[Data to examine Boundary: Start]

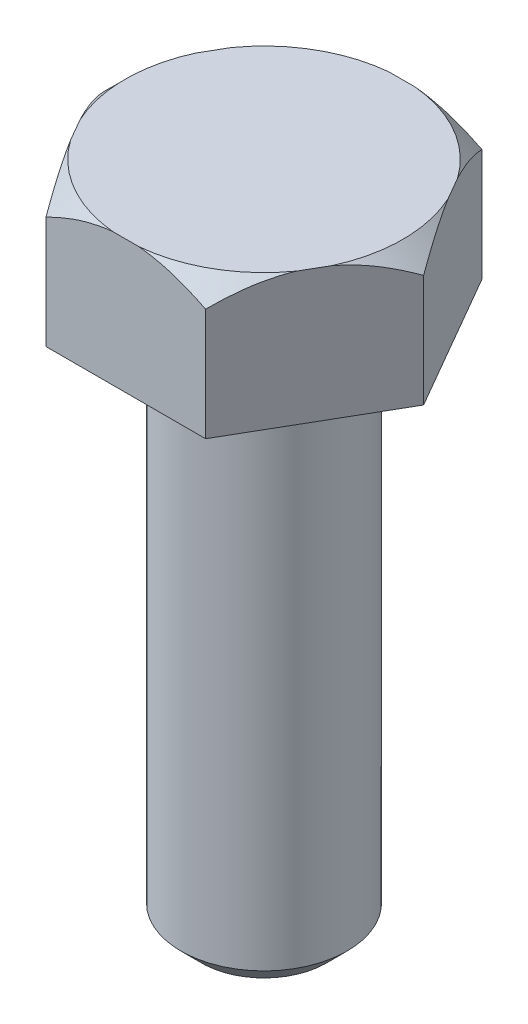
ISO-10303-21;
HEADER;
FILE_DESCRIPTION(('STEP AP214'),'2;1');
FILE_NAME('part.step','',(''),(''),'','','');
FILE_SCHEMA(('AUTOMOTIVE_DESIGN { 1 0 10303 214 1 1 1 1 }'));
ENDSEC;
DATA;
#1=APPLICATION_CONTEXT('core data for automotive mechanical design processes');
#2=APPLICATION_PROTOCOL_DEFINITION('international standard','automotive_design',2000,#1);
#3=PRODUCT_CONTEXT('',#1,'mechanical');
#4=PRODUCT('Part','Part','',(#3));
#5=PRODUCT_RELATED_PRODUCT_CATEGORY('part','',(#4));
#6=PRODUCT_DEFINITION_FORMATION('','',#4);
#7=PRODUCT_DEFINITION_CONTEXT('part definition',#1,'design');
#8=PRODUCT_DEFINITION('design','',#6,#7);
#9=PRODUCT_DEFINITION_SHAPE('','',#8);
#10=(LENGTH_UNIT() NAMED_UNIT(*) SI_UNIT(.MILLI.,.METRE.));
#11=(NAMED_UNIT(*) PLANE_ANGLE_UNIT() SI_UNIT($,.RADIAN.));
#12=(NAMED_UNIT(*) SI_UNIT($,.STERADIAN.) SOLID_ANGLE_UNIT());
#13=UNCERTAINTY_MEASURE_WITH_UNIT(LENGTH_MEASURE(1.E-05),#10,'distance_accuracy_value','');
#14=(GEOMETRIC_REPRESENTATION_CONTEXT(3) GLOBAL_UNCERTAINTY_ASSIGNED_CONTEXT((#13)) GLOBAL_UNIT_ASSIGNED_CONTEXT((#10,
#11,#12)) REPRESENTATION_CONTEXT('',''));
#15=CARTESIAN_POINT('',(0.,0.,0.));
#16=DIRECTION('',(0.,0.,1.));
#17=DIRECTION('',(1.,0.,0.));
#18=AXIS2_PLACEMENT_3D('',#15,#16,#17);
#19=CARTESIAN_POINT('',(-3.048,10.16,0.));
#20=DIRECTION('',(0.,1.,0.));
#21=DIRECTION('',(0.,0.,1.));
#22=AXIS2_PLACEMENT_3D('',#19,#20,#21);
#23=PLANE('',#22);
#24=CARTESIAN_POINT('',(0.,10.16,0.));
#25=DIRECTION('',(0.,-1.,0.));
#26=DIRECTION('',(0.,0.,-1.));
#27=AXIS2_PLACEMENT_3D('',#24,#25,#26);
#28=CIRCLE('',#27,1.5875);
#29=CARTESIAN_POINT('',(0.,10.16,-1.5875));
#30=VERTEX_POINT('',#29);
#31=EDGE_CURVE('E191',#30,#30,#28,.T.);
#32=ORIENTED_EDGE('',*,*,#31,.F.);
#33=EDGE_LOOP('',(#32));
#34=FACE_BOUND('',#33,.T.);
#35=DIRECTION('',(0.5,0.,-0.866025403784439));
#36=VECTOR('',#35,1.);
#37=CARTESIAN_POINT('',(-1.524,10.16,-2.63964543073497));
#38=LINE('',#37,#36);
#39=CARTESIAN_POINT('',(-3.048,10.16,0.));
#40=VERTEX_POINT('',#39);
#41=CARTESIAN_POINT('',(-1.524,10.16,-2.63964543073497));
#42=VERTEX_POINT('',#41);
#43=EDGE_CURVE('E131',#40,#42,#38,.T.);
#44=ORIENTED_EDGE('',*,*,#43,.T.);
#45=DIRECTION('',(1.,0.,0.));
#46=VECTOR('',#45,1.);
#47=CARTESIAN_POINT('',(1.524,10.16,-2.63964543073497));
#48=LINE('',#47,#46);
#49=CARTESIAN_POINT('',(1.524,10.16,-2.63964543073497));
#50=VERTEX_POINT('',#49);
#51=EDGE_CURVE('E122',#42,#50,#48,.T.);
#52=ORIENTED_EDGE('',*,*,#51,.T.);
#53=DIRECTION('',(0.5,0.,0.866025403784439));
#54=VECTOR('',#53,1.);
#55=CARTESIAN_POINT('',(3.048,10.16,0.));
#56=LINE('',#55,#54);
#57=CARTESIAN_POINT('',(3.048,10.16,0.));
#58=VERTEX_POINT('',#57);
#59=EDGE_CURVE('E130',#50,#58,#56,.T.);
#60=ORIENTED_EDGE('',*,*,#59,.T.);
#61=DIRECTION('',(-0.5,0.,0.866025403784439));
#62=VECTOR('',#61,1.);
#63=CARTESIAN_POINT('',(1.524,10.16,2.63964543073497));
#64=LINE('',#63,#62);
#65=CARTESIAN_POINT('',(1.524,10.16,2.63964543073497));
#66=VERTEX_POINT('',#65);
#67=EDGE_CURVE('E408',#58,#66,#64,.T.);
#68=ORIENTED_EDGE('',*,*,#67,.T.);
#69=DIRECTION('',(-1.,0.,0.));
#70=VECTOR('',#69,1.);
#71=CARTESIAN_POINT('',(-1.524,10.16,2.63964543073497));
#72=LINE('',#71,#70);
#73=CARTESIAN_POINT('',(-1.524,10.16,2.63964543073497));
#74=VERTEX_POINT('',#73);
#75=EDGE_CURVE('E406',#66,#74,#72,.T.);
#76=ORIENTED_EDGE('',*,*,#75,.T.);
#77=DIRECTION('',(-0.5,0.,-0.866025403784439));
#78=VECTOR('',#77,1.);
#79=CARTESIAN_POINT('',(-3.048,10.16,0.));
#80=LINE('',#79,#78);
#81=EDGE_CURVE('E144',#74,#40,#80,.T.);
#82=ORIENTED_EDGE('',*,*,#81,.T.);
#83=EDGE_LOOP('',(#44,#52,#60,#68,#76,#82));
#84=FACE_BOUND('',#83,.T.);
#85=ADVANCED_FACE('F34',(#34,#84),#23,.F.);
#86=CARTESIAN_POINT('',(0.,0.,0.));
#87=DIRECTION('',(0.,-1.,0.));
#88=DIRECTION('',(0.,0.,-1.));
#89=AXIS2_PLACEMENT_3D('',#86,#87,#88);
#90=CYLINDRICAL_SURFACE('',#89,1.5875);
#91=CARTESIAN_POINT('',(0.,0.396874999999999,0.));
#92=DIRECTION('',(0.,-1.,0.));
#93=DIRECTION('',(0.,0.,-1.));
#94=AXIS2_PLACEMENT_3D('',#91,#92,#93);
#95=CIRCLE('',#94,1.5875);
#96=CARTESIAN_POINT('',(0.,0.396874999999999,-1.5875));
#97=VERTEX_POINT('',#96);
#98=EDGE_CURVE('E193',#97,#97,#95,.T.);
#99=ORIENTED_EDGE('',*,*,#98,.F.);
#100=EDGE_LOOP('',(#99));
#101=FACE_BOUND('',#100,.T.);
#102=ORIENTED_EDGE('',*,*,#31,.T.);
#103=EDGE_LOOP('',(#102));
#104=FACE_BOUND('',#103,.T.);
#105=ADVANCED_FACE('F181',(#101,#104),#90,.T.);
#106=CARTESIAN_POINT('',(0.,0.396874999999999,0.));
#107=DIRECTION('',(0.,1.,0.));
#108=DIRECTION('',(0.,0.,1.));
#109=AXIS2_PLACEMENT_3D('',#106,#107,#108);
#110=CONICAL_SURFACE('',#109,1.5875,0.78539816339745);
#111=CARTESIAN_POINT('',(0.,0.,0.));
#112=DIRECTION('',(0.,-1.,0.));
#113=DIRECTION('',(0.,0.,-1.));
#114=AXIS2_PLACEMENT_3D('',#111,#112,#113);
#115=CIRCLE('',#114,1.190625);
#116=CARTESIAN_POINT('',(0.,0.,-1.190625));
#117=VERTEX_POINT('',#116);
#118=EDGE_CURVE('E197',#117,#117,#115,.T.);
#119=ORIENTED_EDGE('',*,*,#118,.F.);
#120=EDGE_LOOP('',(#119));
#121=FACE_BOUND('',#120,.T.);
#122=ORIENTED_EDGE('',*,*,#98,.T.);
#123=EDGE_LOOP('',(#122));
#124=FACE_BOUND('',#123,.T.);
#125=ADVANCED_FACE('F177',(#121,#124),#110,.T.);
#126=CARTESIAN_POINT('',(-1.190625,0.,0.));
#127=DIRECTION('',(0.,1.,0.));
#128=DIRECTION('',(0.,0.,1.));
#129=AXIS2_PLACEMENT_3D('',#126,#127,#128);
#130=PLANE('',#129);
#131=ORIENTED_EDGE('',*,*,#118,.T.);
#132=EDGE_LOOP('',(#131));
#133=FACE_BOUND('',#132,.T.);
#134=ADVANCED_FACE('F174',(#133),#130,.F.);
#135=CARTESIAN_POINT('',(-1.524,1.3975327675363,-2.63964543073497));
#136=DIRECTION('',(-0.866025403784439,0.,-0.5));
#137=DIRECTION('',(-0.5,0.,0.866025403784439));
#138=AXIS2_PLACEMENT_3D('',#135,#136,#137);
#139=PLANE('',#138);
#140=CARTESIAN_POINT('',(-4.11288664353432,10.8435993779656,1.84443777090293));
#141=CARTESIAN_POINT('',(-4.07678582740626,10.9021209194026,1.78190932317444));
#142=CARTESIAN_POINT('',(-4.04054164918159,10.9602899269393,1.71913256501072));
#143=CARTESIAN_POINT('',(-3.96771769626619,11.0757945337847,1.59299777855325));
#144=CARTESIAN_POINT('',(-3.93113789170358,11.1331300577135,1.52963969851987));
#145=CARTESIAN_POINT('',(-3.82066132939985,11.3039412367449,1.33828867956426));
#146=CARTESIAN_POINT('',(-3.74619407603881,11.4159494067831,1.20930761324282));
#147=CARTESIAN_POINT('',(-3.59317502716506,11.6374949520919,0.94427084606763));
#148=CARTESIAN_POINT('',(-3.51456722255849,11.7468797101761,0.808118134617601));
#149=CARTESIAN_POINT('',(-3.39455641306745,11.9044288300019,0.600253315121653));
#150=CARTESIAN_POINT('',(-3.35421954813982,11.9558378998242,0.530387815648951));
#151=CARTESIAN_POINT('',(-3.27272248072625,12.0559667510177,0.389230754220786));
#152=CARTESIAN_POINT('',(-3.23156238270255,12.1046868706842,0.317939373199215));
#153=CARTESIAN_POINT('',(-3.14719519820696,12.2000323111787,0.171811123161321));
#154=CARTESIAN_POINT('',(-3.10396275561702,12.2465684687686,0.0969303360602448));
#155=CARTESIAN_POINT('',(-3.01635996860491,12.3352138177515,-0.0548021419293754));
#156=CARTESIAN_POINT('',(-2.97198946278154,12.3773223768515,-0.131654112372982));
#157=CARTESIAN_POINT('',(-2.88225517921881,12.4557269039846,-0.287078450684421));
#158=CARTESIAN_POINT('',(-2.83689805560691,12.4920530198065,-0.365639293265417));
#159=CARTESIAN_POINT('',(-2.74493724949411,12.5577655240635,-0.524920081757766));
#160=CARTESIAN_POINT('',(-2.69833394902363,12.5871540127635,-0.605639365973049));
#161=CARTESIAN_POINT('',(-2.61324102682555,12.6325347284284,-0.753024630584625));
#162=CARTESIAN_POINT('',(-2.57495209164136,12.6500237553908,-0.819343011691345));
#163=CARTESIAN_POINT('',(-2.49779115091639,12.6787834768816,-0.952989681386816));
#164=CARTESIAN_POINT('',(-2.45891923092847,12.6900550748196,-1.02031782179364));
#165=CARTESIAN_POINT('',(-2.38089756061301,12.7058011115166,-1.15545531887141));
#166=CARTESIAN_POINT('',(-2.34174842648433,12.7102875891306,-1.22326360825461));
#167=CARTESIAN_POINT('',(-2.26340495118995,12.712255166541,-1.35895848790599));
#168=CARTESIAN_POINT('',(-2.22421060958001,12.7097361969007,-1.42684507894362));
#169=CARTESIAN_POINT('',(-2.1461896803201,12.6978483985597,-1.56198129247552));
#170=CARTESIAN_POINT('',(-2.10736239969831,12.6884974706097,-1.62923211523219));
#171=CARTESIAN_POINT('',(-2.03022149857727,12.6634458657462,-1.76284407531549));
#172=CARTESIAN_POINT('',(-1.99190800201554,12.6477436842384,-1.82920499797601));
#173=CARTESIAN_POINT('',(-1.91586591130841,12.6106384716489,-1.96091376259452));
#174=CARTESIAN_POINT('',(-1.87813938118311,12.5892187242104,-2.02625802956483));
#175=CARTESIAN_POINT('',(-1.80347838700056,12.5414934204444,-2.15557466483259));
#176=CARTESIAN_POINT('',(-1.76654388607405,12.5151880920958,-2.21954709698951));
#177=CARTESIAN_POINT('',(-1.68054671166346,12.4484188088564,-2.36849857237602));
#178=CARTESIAN_POINT('',(-1.63181840695243,12.4062389424071,-2.45289847190222));
#179=CARTESIAN_POINT('',(-1.53573732999577,12.3159803932736,-2.61931577883709));
#180=CARTESIAN_POINT('',(-1.48838530073285,12.2678985949876,-2.70133189936196));
#181=CARTESIAN_POINT('',(-1.39482537931209,12.1670593703652,-2.86338243681487));
#182=CARTESIAN_POINT('',(-1.34862006534442,12.1142924483695,-2.94341238818654));
#183=CARTESIAN_POINT('',(-1.25729466551731,12.0051863160205,-3.10159262070863));
#184=CARTESIAN_POINT('',(-1.21217439101574,11.9488477329114,-3.17974322859681));
#185=CARTESIAN_POINT('',(-1.12264370951622,11.8330812268348,-3.33481491779025));
#186=CARTESIAN_POINT('',(-1.07823755123089,11.7736402198207,-3.41172864010938));
#187=CARTESIAN_POINT('',(-0.990207339851307,11.652479989206,-3.56420143881985));
#188=CARTESIAN_POINT('',(-0.94658335243382,11.5907605756123,-3.63976040145569));
#189=CARTESIAN_POINT('',(-0.816795966696674,11.4030087920242,-3.86455874773396));
#190=CARTESIAN_POINT('',(-0.731617550326509,11.2742511881687,-4.01209209259535));
#191=CARTESIAN_POINT('',(-0.615697802164191,11.0936824781044,-4.21287098601307));
#192=CARTESIAN_POINT('',(-0.58413126456951,11.043954908037,-4.26754583294609));
#193=CARTESIAN_POINT('',(-0.521379413626723,10.9441052314947,-4.37623522704799));
#194=CARTESIAN_POINT('',(-0.490193037172694,10.8939857986208,-4.43025161557033));
#195=CARTESIAN_POINT('',(-0.459113356465683,10.8435993779656,-4.48408320163789));
#196=B_SPLINE_CURVE_WITH_KNOTS('',3,(#140,#141,#142,#143,#144,#145,#146,#147,#148,#149,#150,
#151,#152,#153,#154,#155,#156,#157,#158,#159,#160,#161,#162,#163,#164,#165,#166,#167,#168,#169,
#170,#171,#172,#173,#174,#175,#176,#177,#178,#179,#180,#181,#182,#183,#184,#185,#186,#187,#188,
#189,#190,#191,#192,#193,#194,#195),.UNSPECIFIED.,.F.,.F.,(4,2,2,2,2,2,2,2,2,2,2,2,2,2,2,2,2,2,
2,2,2,2,2,2,2,2,2,4),(0.,0.27881946553275,0.557663992439258,1.11664345937222,1.69099253991238,
1.97793713434816,2.26484554577308,2.55932247188747,2.85384139446958,3.14677059194029,
3.43961099533733,3.67503579126983,3.91042637031573,4.14539880327292,4.3803735652388,
4.61473485617055,4.84915169918358,5.08426155571407,5.31936044392315,5.63767189464671,
5.95615210903306,6.27529322345623,6.59437844571967,6.91493955731194,7.2355274606777,
7.87598755404172,8.1170834857588,8.35712587637016),.UNSPECIFIED.);
#197=CARTESIAN_POINT('',(-3.048,12.303125,0.));
#198=VERTEX_POINT('',#197);
#199=CARTESIAN_POINT('',(-2.40922313665156,12.7,-1.10639398201899));
#200=VERTEX_POINT('',#199);
#201=EDGE_CURVE('E202',#198,#200,#196,.T.);
#202=ORIENTED_EDGE('',*,*,#201,.T.);
#203=DIRECTION('',(-0.5,0.,0.866025403784439));
#204=VECTOR('',#203,1.);
#205=CARTESIAN_POINT('',(-1.524,12.7,-2.63964543073497));
#206=LINE('',#205,#204);
#207=CARTESIAN_POINT('',(-2.16277686334844,12.7,-1.53325144871598));
#208=VERTEX_POINT('',#207);
#209=EDGE_CURVE('E253',#208,#200,#206,.T.);
#210=ORIENTED_EDGE('',*,*,#209,.F.);
#211=CARTESIAN_POINT('',(-1.524,12.303125,-2.63964543073497));
#212=VERTEX_POINT('',#211);
#213=EDGE_CURVE('E138',#208,#212,#196,.T.);
#214=ORIENTED_EDGE('',*,*,#213,.T.);
#215=DIRECTION('',(0.,1.,0.));
#216=VECTOR('',#215,1.);
#217=CARTESIAN_POINT('',(-1.524,1.3975327675363,-2.63964543073497));
#218=LINE('',#217,#216);
#219=EDGE_CURVE('E125',#42,#212,#218,.T.);
#220=ORIENTED_EDGE('',*,*,#219,.F.);
#221=ORIENTED_EDGE('',*,*,#43,.F.);
#222=DIRECTION('',(0.,1.,0.));
#223=VECTOR('',#222,1.);
#224=CARTESIAN_POINT('',(-3.048,1.3975327675363,0.));
#225=LINE('',#224,#223);
#226=EDGE_CURVE('E139',#40,#198,#225,.T.);
#227=ORIENTED_EDGE('',*,*,#226,.T.);
#228=EDGE_LOOP('',(#202,#210,#214,#220,#221,#227));
#229=FACE_BOUND('',#228,.T.);
#230=ADVANCED_FACE('F134',(#229),#139,.T.);
#231=CARTESIAN_POINT('',(-3.048,1.3975327675363,0.));
#232=DIRECTION('',(-0.866025403784439,0.,0.5));
#233=DIRECTION('',(0.5,0.,0.866025403784439));
#234=AXIS2_PLACEMENT_3D('',#231,#232,#233);
#235=PLANE('',#234);
#236=CARTESIAN_POINT('',(-0.459113356465683,10.8435993779656,4.4840832016379));
#237=CARTESIAN_POINT('',(-0.495214172593737,10.9021209194026,4.4215547539094));
#238=CARTESIAN_POINT('',(-0.531458350818409,10.9602899269393,4.35877799574569));
#239=CARTESIAN_POINT('',(-0.604282303733805,11.0757945337847,4.23264320928822));
#240=CARTESIAN_POINT('',(-0.640862108296419,11.1331300577135,4.16928512925484));
#241=CARTESIAN_POINT('',(-0.751338670600148,11.3039412367449,3.97793411029923));
#242=CARTESIAN_POINT('',(-0.825805923961193,11.4159494067831,3.84895304397779));
#243=CARTESIAN_POINT('',(-0.978824972834937,11.6374949520919,3.5839162768026));
#244=CARTESIAN_POINT('',(-1.05743277744151,11.7468797101761,3.44776356535257));
#245=CARTESIAN_POINT('',(-1.17744358693255,11.9044288300019,3.23989874585663));
#246=CARTESIAN_POINT('',(-1.21778045186018,11.9558378998242,3.17003324638392));
#247=CARTESIAN_POINT('',(-1.29927751927375,12.0559667510177,3.02887618495576));
#248=CARTESIAN_POINT('',(-1.34043761729745,12.1046868706842,2.95758480393419));
#249=CARTESIAN_POINT('',(-1.42480480179304,12.2000323111787,2.81145655389629));
#250=CARTESIAN_POINT('',(-1.46803724438298,12.2465684687686,2.73657576679522));
#251=CARTESIAN_POINT('',(-1.55564003139509,12.3352138177515,2.5848432888056));
#252=CARTESIAN_POINT('',(-1.60001053721846,12.3773223768515,2.50799131836199));
#253=CARTESIAN_POINT('',(-1.68974482078119,12.4557269039846,2.35256698005055));
#254=CARTESIAN_POINT('',(-1.73510194439309,12.4920530198065,2.27400613746955));
#255=CARTESIAN_POINT('',(-1.82706275050589,12.5577655240635,2.11472534897721));
#256=CARTESIAN_POINT('',(-1.87366605097637,12.5871540127635,2.03400606476192));
#257=CARTESIAN_POINT('',(-1.95875897317445,12.6325347284284,1.88662080015035));
#258=CARTESIAN_POINT('',(-1.99704790835864,12.6500237553908,1.82030241904363));
#259=CARTESIAN_POINT('',(-2.07420884908361,12.6787834768816,1.68665574934816));
#260=CARTESIAN_POINT('',(-2.11308076907153,12.6900550748196,1.61932760894133));
#261=CARTESIAN_POINT('',(-2.19110243938699,12.7058011115166,1.48419011186357));
#262=CARTESIAN_POINT('',(-2.23025157351567,12.7102875891306,1.41638182248036));
#263=CARTESIAN_POINT('',(-2.30859504881005,12.712255166541,1.28068694282898));
#264=CARTESIAN_POINT('',(-2.34778939041999,12.7097361969007,1.21280035179135));
#265=CARTESIAN_POINT('',(-2.4258103196799,12.6978483985597,1.07766413825945));
#266=CARTESIAN_POINT('',(-2.46463760030169,12.6884974706097,1.01041331550278));
#267=CARTESIAN_POINT('',(-2.54177850142273,12.6634458657462,0.876801355419483));
#268=CARTESIAN_POINT('',(-2.58009199798446,12.6477436842384,0.810440432758961));
#269=CARTESIAN_POINT('',(-2.65613408869159,12.6106384716489,0.678731668140453));
#270=CARTESIAN_POINT('',(-2.69386061881689,12.5892187242104,0.613387401170142));
#271=CARTESIAN_POINT('',(-2.76852161299943,12.5414934204444,0.484070765902376));
#272=CARTESIAN_POINT('',(-2.80545611392595,12.5151880920958,0.420098333745457));
#273=CARTESIAN_POINT('',(-2.89145328833654,12.4484188088564,0.271146858358955));
#274=CARTESIAN_POINT('',(-2.94018159304757,12.4062389424071,0.186746958832748));
#275=CARTESIAN_POINT('',(-3.03626267000423,12.3159803932736,0.0203296518978808));
#276=CARTESIAN_POINT('',(-3.08361469926715,12.2678985949876,-0.0616864686269907));
#277=CARTESIAN_POINT('',(-3.17717462068791,12.1670593703652,-0.223737006079898));
#278=CARTESIAN_POINT('',(-3.22337993465557,12.1142924483695,-0.303766957451566));
#279=CARTESIAN_POINT('',(-3.31470533448268,12.0051863160205,-0.461947189973658));
#280=CARTESIAN_POINT('',(-3.35982560898425,11.9488477329114,-0.540097797861834));
#281=CARTESIAN_POINT('',(-3.44935629048378,11.8330812268348,-0.695169487055275));
#282=CARTESIAN_POINT('',(-3.4937624487691,11.7736402198207,-0.772083209374405));
#283=CARTESIAN_POINT('',(-3.58179266014869,11.652479989206,-0.924556008084875));
#284=CARTESIAN_POINT('',(-3.62541664756617,11.5907605756123,-1.00011497072071));
#285=CARTESIAN_POINT('',(-3.75520403330332,11.4030087920242,-1.22491331699899));
#286=CARTESIAN_POINT('',(-3.84038244967348,11.2742511881687,-1.37244666186037));
#287=CARTESIAN_POINT('',(-3.9563021978358,11.0936824781044,-1.57322555527809));
#288=CARTESIAN_POINT('',(-3.98786873543049,11.043954908037,-1.62790040221111));
#289=CARTESIAN_POINT('',(-4.05062058637328,10.9441052314947,-1.73658979631302));
#290=CARTESIAN_POINT('',(-4.08180696282731,10.8939857986208,-1.79060618483537));
#291=CARTESIAN_POINT('',(-4.11288664353432,10.8435993779656,-1.84443777090293));
#292=B_SPLINE_CURVE_WITH_KNOTS('',3,(#236,#237,#238,#239,#240,#241,#242,#243,#244,#245,#246,
#247,#248,#249,#250,#251,#252,#253,#254,#255,#256,#257,#258,#259,#260,#261,#262,#263,#264,#265,
#266,#267,#268,#269,#270,#271,#272,#273,#274,#275,#276,#277,#278,#279,#280,#281,#282,#283,#284,
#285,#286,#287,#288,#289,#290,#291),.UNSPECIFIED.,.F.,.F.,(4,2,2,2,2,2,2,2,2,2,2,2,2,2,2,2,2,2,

[Data to examine Boundary: End]

**Exercise aim**
Begin at the line that has "#106=CARTESIAN_POINT('',(0.,0.396874999999999,0.));" in the entries above; stop after the line that has "#125=ADVANCED_FACE('F177',(#121,#124),#110,.T.);". Transcribe exactly those lines and no others.

**Solved exercise**
#106=CARTESIAN_POINT('',(0.,0.396874999999999,0.));
#107=DIRECTION('',(0.,1.,0.));
#108=DIRECTION('',(0.,0.,1.));
#109=AXIS2_PLACEMENT_3D('',#106,#107,#108);
#110=CONICAL_SURFACE('',#109,1.5875,0.78539816339745);
#111=CARTESIAN_POINT('',(0.,0.,0.));
#112=DIRECTION('',(0.,-1.,0.));
#113=DIRECTION('',(0.,0.,-1.));
#114=AXIS2_PLACEMENT_3D('',#111,#112,#113);
#115=CIRCLE('',#114,1.190625);
#116=CARTESIAN_POINT('',(0.,0.,-1.190625));
#117=VERTEX_POINT('',#116);
#118=EDGE_CURVE('E197',#117,#117,#115,.T.);
#119=ORIENTED_EDGE('',*,*,#118,.F.);
#120=EDGE_LOOP('',(#119));
#121=FACE_BOUND('',#120,.T.);
#122=ORIENTED_EDGE('',*,*,#98,.T.);
#123=EDGE_LOOP('',(#122));
#124=FACE_BOUND('',#123,.T.);
#125=ADVANCED_FACE('F177',(#121,#124),#110,.T.);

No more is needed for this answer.